Even Merce Cunningham loved a good internet cat video.
That revelation comes courtesy of Trevor Carlson, former executive director of Cunningham's dance company. On Friday night, the Cowles Center in downtown Minneapolis hosted the U.S. premiere of "Not a Moment Too Soon," Carlson's bittersweetly nostalgic one-man show about his years with one of the world's most renowned modern-dance troupes, which coincided with the last 11 years of the choreographer's life.
In a sense, Carlson's show picks up where "Common Time," Walker Art Center's expansive new Cunningham exhibit, leaves off. Carlson began working for the company in 1998, and eventually became not only its top businessman but a personal caretaker for the choreographer. On stage, he elucidates Cunningham's final years through an intimate mix of live monologues, recorded journal readings by both Cunningham and Carlson, and video clips by Carlson, Cunningham and Carlson's partner, Ferran Carvajal, who directed the show.

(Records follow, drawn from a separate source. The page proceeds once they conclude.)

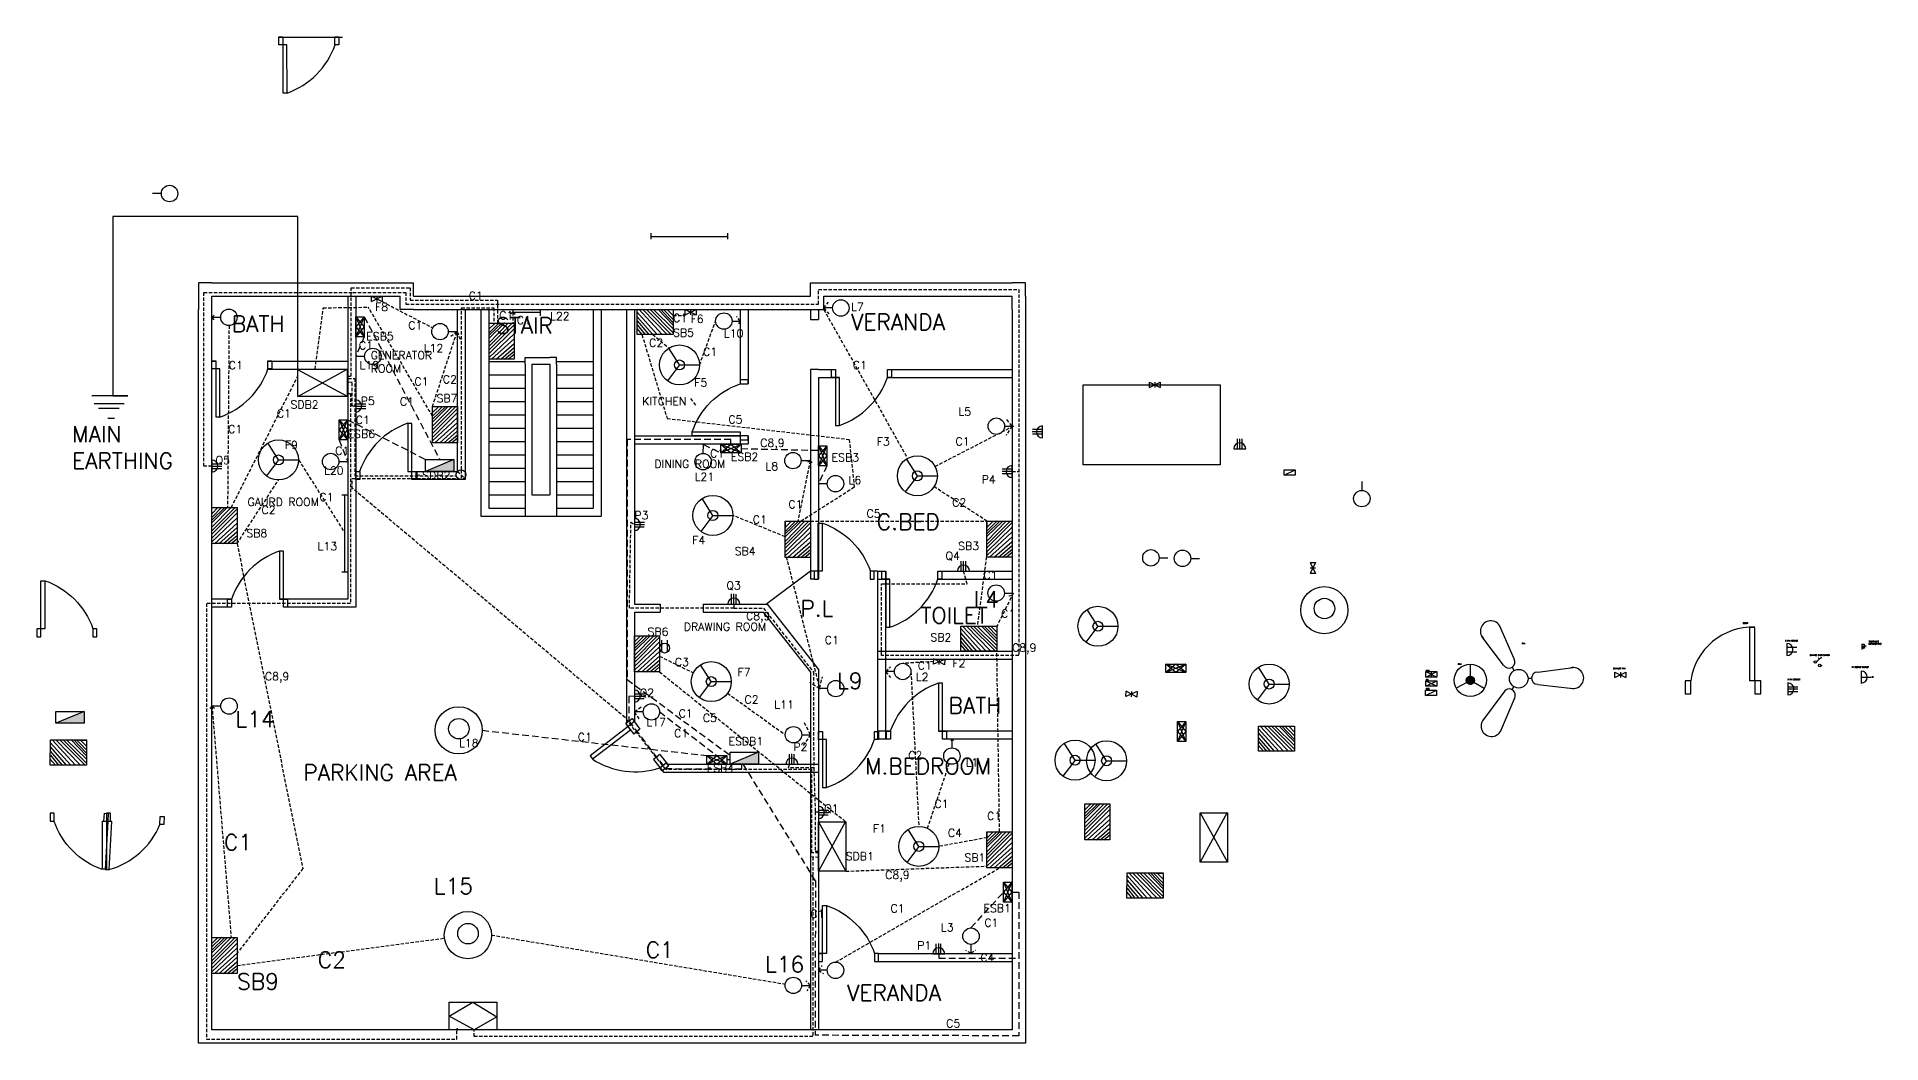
# Model space of a CAD drawing. Header units: inches. Extents: x -1266 to 1172, y -770 to 654.
# Drawn here: x -211 to 1172, y -100 to 654 of the extents above; entities that cross this region are included whole.
import ezdxf

# ---------------------------------------------------------------- set-up
doc = ezdxf.new("R2010")
doc.units = ezdxf.units.IN
doc.header["$LTSCALE"] = 20
doc.header["$MEASUREMENT"] = 0
doc.linetypes.add('HIDDEN', pattern=[0.375, 0.25, -0.125])
doc.linetypes.add('HIDDEN2', pattern=[0.1875, 0.125, -0.0625])
doc.layers.get('0').update_dxf_attribs({"color": 36})
for name, color, linetype in [('ASHADE', 7, 'Continuous'), ('Ceiling Fan', 30, 'Continuous'), ('Dimensions', 250, 'Continuous'), ('Door', 6, 'Continuous'), ('energy bulb', 92, 'Continuous'), ('fan', 10, 'Continuous'), ('Hidden', 1, 'HIDDEN'), ('HIDDEN2', 160, 'HIDDEN2'), ('power socket', 16, 'Continuous'), ('Texts', 250, 'Continuous')]:
    doc.layers.add(name, color=color, linetype=linetype)
doc.styles.get("Standard").update_dxf_attribs({"font": 'simplex.shx', "height": 12})

# ---------------------------------------------------------------- blocks, each defined once
blk = doc.blocks.new('Door1')
at = {"layer": 'Door'}
for p, q in [((42, 42), (39, 42)), ((39, 42), (39, 6)), ((42, 6), (42, 42)), ((0, 6), (3, 6)), ((0, 0), (0, 6)), ((3, 0), (0, 0)), ((3, 6), (3, 0)), ((39, 6), (42, 6)), ((42, 6), (45, 6)), ((42, 0), (42, 6)), ((45, 0), (42, 0)), ((45, 6), (45, 0))]:
    blk.add_line(p, q, dxfattribs=at)
blk.add_arc((58.1, -13.1), 58.4, 109.1451, 160.8549, dxfattribs=at)
blk = doc.blocks.new('A$C54104F71')
at = {"layer": 'Door', "rotation": 270}
blk.add_blockref('Door1', (0, 45), dxfattribs=at)
blk = doc.blocks.new('fan')
at = {"layer": 'Ceiling Fan'}
for q in [(-9.1, -12), (-8.1, 12.7), (15, 0)]:
    blk.add_line((0, 0), q, dxfattribs=at)
for radius in [15, 3.74]:
    blk.add_circle((0, 0), radius, dxfattribs=at)
blk = doc.blocks.new('light4')
at = {"layer": 'energy bulb'}
blk.add_line((6.7, 0), (0, 0), dxfattribs=at)
blk.add_circle((12.8, 0), 6.16, dxfattribs=at)
blk = doc.blocks.new('light3')
at = {"layer": 'energy bulb'}
for p, q in [((0, 2.2), (0, -2.2)), ((57.6, 2.2), (57.6, -2.2)), ((0, -0.1), (57.6, -0.1))]:
    blk.add_line(p, q, dxfattribs=at)

msp = doc.modelspace()

# ---------------------------------------------------------------- hatches: boundary and pattern name
h = msp.add_hatch(color=256)
h.set_gradient(color2=(0, 0, 0), one_color=1)
h.paths.add_polyline_path([(80.7, 328.7), (101.9, 328.7), (101.9, 337.7)])
h = msp.add_hatch()
h.set_pattern_fill('ANSI31')
h.set_pattern_definition([(45, (803.06653, 140.36898), (-0.08838835, 0.08838835), [])])
h.paths.add_polyline_path([(860.9, 172.1, 1), (867.1, 172.1, 1)])
h = msp.add_hatch(color=256)
h.set_gradient(color2=(0, 0, 0), one_color=1)
h.paths.add_polyline_path([(-196.5, 139.9), (-175.3, 139.9), (-175.3, 148.8)])
h = msp.add_hatch(color=256)
h.set_gradient(color2=(0, 0, 0), one_color=1)
h.paths.add_polyline_path([(309, 109.3), (330.2, 109.3), (330.2, 118.3)])

# ---------------------------------------------------------------- linework, layer by layer
for p, q in [((-15.2, 519.7), (-153.9, 519.7)), ((-153.9, 519.7), (-153.9, 385.4)), ((-15.2, 405.4), (-15.2, 519.7)), ((40, 456), (40, 460.1)), ((40, 460.1), (48.1, 456)), ((44.1, 460.1), (44.1, 456)), ((48.1, 460.1), (48.1, 456)), ((28.3, 444.6), (34.7, 437)), ((34.7, 444.6), (28.3, 437)), ((28.3, 444.6), (34.7, 429.5)), ((34.7, 444.6), (28.3, 429.5)), ((239.1, 448.3), (254.4, 431.3)), ((239.2, 444.7), (251, 431.4)), ((240.5, 450.2), (258.1, 431.3)), ((243.2, 450.2), (261.8, 431.3)), ((246.3, 450.1), (264.9, 431.4)), ((248.8, 450.2), (266.2, 432.7)), ((251.5, 450.1), (266.2, 435.7)), ((254.7, 450.2), (266.3, 438.3)), ((256.8, 450.2), (266.1, 440.4)), ((259.1, 450), (266.4, 442.5)), ((261.1, 450), (266, 450)), ((261.8, 450), (266.2, 445.6)), ((275.4, 446), (275.4, 450)), ((275.4, 450), (283.5, 446)), ((279.4, 450), (279.4, 446)), ((283.5, 450), (283.5, 446)), ((34.7, 437), (28.3, 429.5)), ((28.3, 437), (34.7, 429.5)), ((128.2, 428.4), (140.1, 440)), ((128.2, 422.4), (145.6, 439.9)), ((128.2, 430.5), (137.9, 439.8)), ((128.2, 416.9), (147.1, 435.5)), ((128.3, 425.2), (142.7, 439.9)), ((128.3, 419.9), (147, 438.6)), ((128.3, 414.2), (147.1, 431.8)), ((128.4, 432.7), (135.9, 440.1)), ((128.4, 435.5), (132.8, 439.9)), ((128.4, 434.7), (128.4, 439.6)), ((239.1, 435.8), (242.9, 431.3)), ((239.2, 441.5), (248, 431.4)), ((239.2, 438.6), (245.2, 431.3)), ((130.1, 412.8), (147.1, 428.1)), ((133.7, 412.9), (147.1, 424.7)), ((137, 412.9), (147, 421.7)), ((139.8, 412.9), (147.1, 418.9)), ((142.6, 412.8), (147.1, 416.6)), ((-15.3, 405.2), (21.9, 385)), ((-15.2, 384.9), (21.8, 405.4)), ((623.4, 391.5), (623.4, 395.6)), ((623.4, 395.6), (631.5, 391.5)), ((627.4, 395.6), (627.4, 391.5)), ((631.5, 395.6), (631.5, 391.5)), ((-153.9, 385.4), (-169.6, 385.4)), ((-167.7, 379.7), (-145.4, 379.7)), ((-164.6, 376), (-149, 376)), ((-153.9, 385.4), (-142.7, 385.4)), ((-142.7, 385.4), (-153.9, 385.4)), ((28.3, 382.2), (28.3, 373.2)), ((28.3, 379.4), (35.8, 379.4)), ((28.3, 377.7), (35.9, 377.7)), ((28.3, 375.9), (35.8, 375.9)), ((85.8, 365.7), (97.6, 377.4)), ((85.8, 367.8), (95.5, 377.2)), ((85.8, 359.8), (103.2, 377.2)), ((85.8, 357.2), (104.5, 375.9)), ((85.9, 370.1), (93.4, 377.4)), ((85.9, 372.8), (90.4, 377.2)), ((85.9, 362.5), (100.3, 377.2)), ((85.9, 372), (85.9, 376.9)), ((-157.7, 368.5), (-152.7, 368.5)), ((15.9, 367.4), (22.2, 359.8)), ((22.2, 367.4), (15.9, 359.8)), ((15.9, 367.4), (22.2, 352.3)), ((22.2, 367.4), (15.9, 352.3)), ((22.2, 359.8), (15.9, 352.3)), ((15.9, 359.8), (22.2, 352.3)), ((85.8, 354.2), (104.6, 372.9)), ((85.8, 351.5), (104.6, 369.1)), ((87.7, 350.1), (104.7, 365.4)), ((91.3, 350.2), (104.6, 362.1)), ((543.1, 360.1), (535.7, 360.1)), ((543.1, 353.8), (543.1, 362.8)), ((94.5, 350.2), (104.6, 359)), ((97.4, 350.2), (104.6, 356.2)), ((100.2, 350.1), (104.7, 353.9)), ((302.1, 342.7), (309.6, 349)), ((302.1, 349), (309.6, 342.7)), ((302.1, 342.7), (317.2, 349)), ((302.1, 349), (317.2, 342.7)), ((309.6, 349), (317.2, 342.7)), ((309.6, 342.7), (317.2, 349)), ((375.2, 347.9), (381.6, 340.4)), ((381.6, 347.9), (375.2, 340.4)), ((375.2, 347.9), (381.6, 332.9)), ((381.6, 347.9), (375.2, 332.9)), ((543.1, 358.3), (535.5, 358.3)), ((543.1, 356.6), (535.6, 356.6)), ((689.4, 345.6), (689.4, 353.1)), ((691.1, 345.6), (691.1, 353.2)), ((692.9, 345.6), (692.9, 353)), ((-79.6, 337.2), (-79.6, 328.2)), ((-79.6, 334.4), (-72.1, 334.4)), ((-79.6, 332.7), (-72, 332.7)), ((101.9, 337.7), (80.7, 328.7)), ((381.6, 340.4), (375.2, 332.9)), ((375.2, 340.4), (381.6, 332.9)), ((520.4, 324.1), (520.4, 333.1)), ((686.6, 345.6), (695.6, 345.6)), ((-79.6, 331), (-72.2, 331)), ((520.4, 328.6), (512.9, 328.6)), ((520.4, 326.9), (512.9, 326.9)), ((520.4, 330.4), (513, 330.4)), ((724.5, 329.9), (732.6, 329.9)), ((724.5, 325.8), (724.5, 329.9)), ((732.6, 325.8), (724.5, 325.8)), ((732.6, 329.9), (732.6, 325.8)), ((-79.6, 290.1), (-67.8, 301.8)), ((-79.6, 292.2), (-69.9, 301.6)), ((-79.6, 284.2), (-62.2, 301.6)), ((-79.6, 278.6), (-60.8, 297.3)), ((-79.5, 286.9), (-65.1, 301.6)), ((-79.5, 296.5), (-79.5, 301.4)), ((-79.5, 281.7), (-60.9, 300.4)), ((-79.5, 275.9), (-60.8, 293.6)), ((-79.4, 294.5), (-72, 301.8)), ((-79.4, 297.2), (-75, 301.6)), ((237.2, 293.4), (237.2, 284.4)), ((237.2, 290.7), (244.7, 290.7)), ((350.3, 279.7), (362.2, 291.3)), ((350.3, 273.7), (367.8, 291.2)), ((350.3, 281.8), (360.1, 291.1)), ((350.5, 284), (358, 291.4)), ((350.5, 286.8), (354.9, 291.2)), ((350.5, 276.5), (364.8, 291.2)), ((350.5, 286), (350.5, 290.9)), ((501.6, 279.9), (513.4, 291.5)), ((501.6, 273.9), (519, 291.4)), ((501.6, 282), (511.3, 291.3)), ((501.7, 284.2), (509.2, 291.6)), ((501.7, 287), (506.2, 291.4)), ((501.7, 276.7), (516.1, 291.4)), ((501.7, 286.2), (501.7, 291.1)), ((-77.7, 274.5), (-60.7, 289.8)), ((-74.1, 274.6), (-60.8, 286.5)), ((-70.9, 274.7), (-60.8, 283.4)), ((-68, 274.7), (-60.7, 280.6)), ((-65.2, 274.6), (-60.7, 278.3)), ((237.2, 288.9), (244.8, 288.9)), ((237.2, 287.2), (244.6, 287.2)), ((350.4, 271.2), (369.1, 289.9)), ((350.4, 268.2), (369.2, 286.8)), ((350.4, 265.5), (369.2, 283.1)), ((352.3, 264.1), (369.2, 279.4)), ((501.6, 271.4), (520.3, 290.1)), ((501.6, 268.4), (520.4, 287)), ((501.6, 265.7), (520.4, 283.3)), ((503.5, 264.3), (520.5, 279.6)), ((355.8, 264.2), (369.2, 276)), ((359.1, 264.2), (369.2, 273)), ((361.9, 264.2), (369.2, 270.2)), ((364.7, 264.1), (369.2, 267.9)), ((507.1, 264.4), (520.4, 276.2)), ((510.3, 264.4), (520.4, 273.2)), ((513.2, 264.4), (520.4, 270.4)), ((516, 264.3), (520.5, 268.1)), ((479.5, 253.9), (488.5, 253.9)), ((482.2, 253.9), (482.2, 261.4)), ((484, 253.9), (484, 261.5)), ((485.7, 253.9), (485.7, 261.3)), ((743.8, 260.3), (747.9, 260.3)), ((747.9, 260.3), (743.8, 252.2)), ((747.9, 256.2), (743.8, 256.2)), ((747.9, 252.2), (743.8, 252.2)), ((310, 229.3), (310, 236.8)), ((311.8, 229.3), (311.8, 236.9)), ((313.5, 229.3), (313.5, 236.7)), ((307.3, 229.3), (316.3, 229.3)), ((481.9, 211), (497.2, 193.9)), ((483.3, 212.8), (500.9, 194)), ((486, 212.9), (504.6, 194)), ((489.1, 212.8), (507.7, 194.1)), ((491.6, 212.8), (509, 195.4)), ((494.3, 212.7), (509, 198.3)), ((497.5, 212.8), (509.1, 201)), ((499.6, 212.8), (508.9, 203.1)), ((501.9, 212.7), (509.2, 205.1)), ((503.9, 212.7), (508.8, 212.7)), ((504.6, 212.7), (509, 208.2)), ((896.8, 188.1), (886.2, 212.8)), ((1077.4, 211.8), (1073.4, 211.8)), ((1073.4, 211.8), (1073.4, 171.8)), ((1077.4, 171.8), (1077.4, 211.8)), ((237.2, 193.9), (249, 205.5)), ((237.2, 187.9), (254.6, 205.4)), ((237.2, 196), (246.9, 205.3)), ((237.2, 185.4), (255.9, 204.1)), ((237.2, 182.4), (256, 201)), ((237.2, 179.7), (256, 197.3)), ((237.3, 198.2), (244.8, 205.6)), ((237.3, 201), (241.8, 205.4)), ((237.3, 190.7), (251.7, 205.4)), ((237.3, 200.2), (237.3, 205.1)), ((239.1, 178.3), (256.1, 193.6)), ((257.8, 193.3), (257.8, 202.1)), ((262, 193.2), (262, 202.2)), ((481.9, 198.5), (485.7, 194)), ((482, 207.4), (493.8, 194)), ((482, 204.1), (490.8, 194)), ((482, 201.3), (488, 194)), ((888.9, 183.5), (872.6, 204.9)), ((1101.4, 199.7), (1101.4, 190.8)), ((1101.4, 197), (1108.8, 197)), ((1157.5, 199.1), (1157.5, 195.2)), ((1157.5, 199.1), (1158.9, 199.1)), ((1157.5, 197.8), (1159.7, 197.8)), ((1157.5, 197.2), (1159.7, 197.2)), ((1158.9, 196.1), (1157.5, 196.1)), ((1158.9, 199.1), (1159.4, 199.1)), ((1158.9, 196.1), (1159.4, 196.1)), ((1159.4, 199.1), (1159.4, 196.1)), ((242.7, 178.4), (256, 190.2)), ((245.9, 178.4), (256, 187.2)), ((248.8, 178.4), (256.1, 184.4)), ((251.6, 178.3), (256.1, 182.1)), ((461.6, 184.1), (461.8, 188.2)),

As appropriate for a piece about a choreographer who avoided telling stories through dance, Carlson uses a nonlinear narrative to explicate how an awkward gay kid from Florida with a homophobic father ended up as right-hand man to a modern master.
He confesses that Cunningham passed on at least one chance to fire him. After a hookup at a Miami club caused him to miss hotel checkout on his first tour, Carlson apologized profusely, but the choreographer wouldn't speak to him until they were waiting for their plane and Carlson ran to get them drinks. "The tea is good," Cunningham said. And Carlson was never late again.
Other anecdotes are far more serious. The Cunningham company has been praised for its deaccession plan. The goal was to avoid the fate of works by Martha Graham, which were tied up in a nasty court battle after her death. Carlson humbly implies he was the mastermind behind the company's two-year legacy tour after Cunningham's death, along with the establishment of a trust that would preserve and license the dances. He strategically presented this idea to Cunningham on a flight home to New York from Australia, when the choreographer was not only a captive audience, but would also have lots of time to think.
Their relationship was not all business. Early in the show, he hints at romance despite their nearly 50-year age gap, and he has guts to share that once, and only once, the two men disrobed and held each other, then never spoke of it again. More often, they danced to Billie Holiday, the only CD in Cunningham's apartment.
The piece is full of little details that are too oddball to be saccharine. It's nearly horrific, for example, to learn that the night before his death in 2009 at age 90, Cunningham drowsily watched Meryl Streep's "Mamma Mia!" And then there are the cat videos. Cunningham began using a camcorder after seeing "American Beauty," feeling a strange kinship with the voyeuristic characters. Instead of cheerleaders, though, he captured Manhattan cityscapes in a snowstorm, his own deeply creased face in a mirror and his black-and-white cat Blotch refusing to jump at his master's urging. The choreographer's feline, it seems, was much less cooperative than his dancers.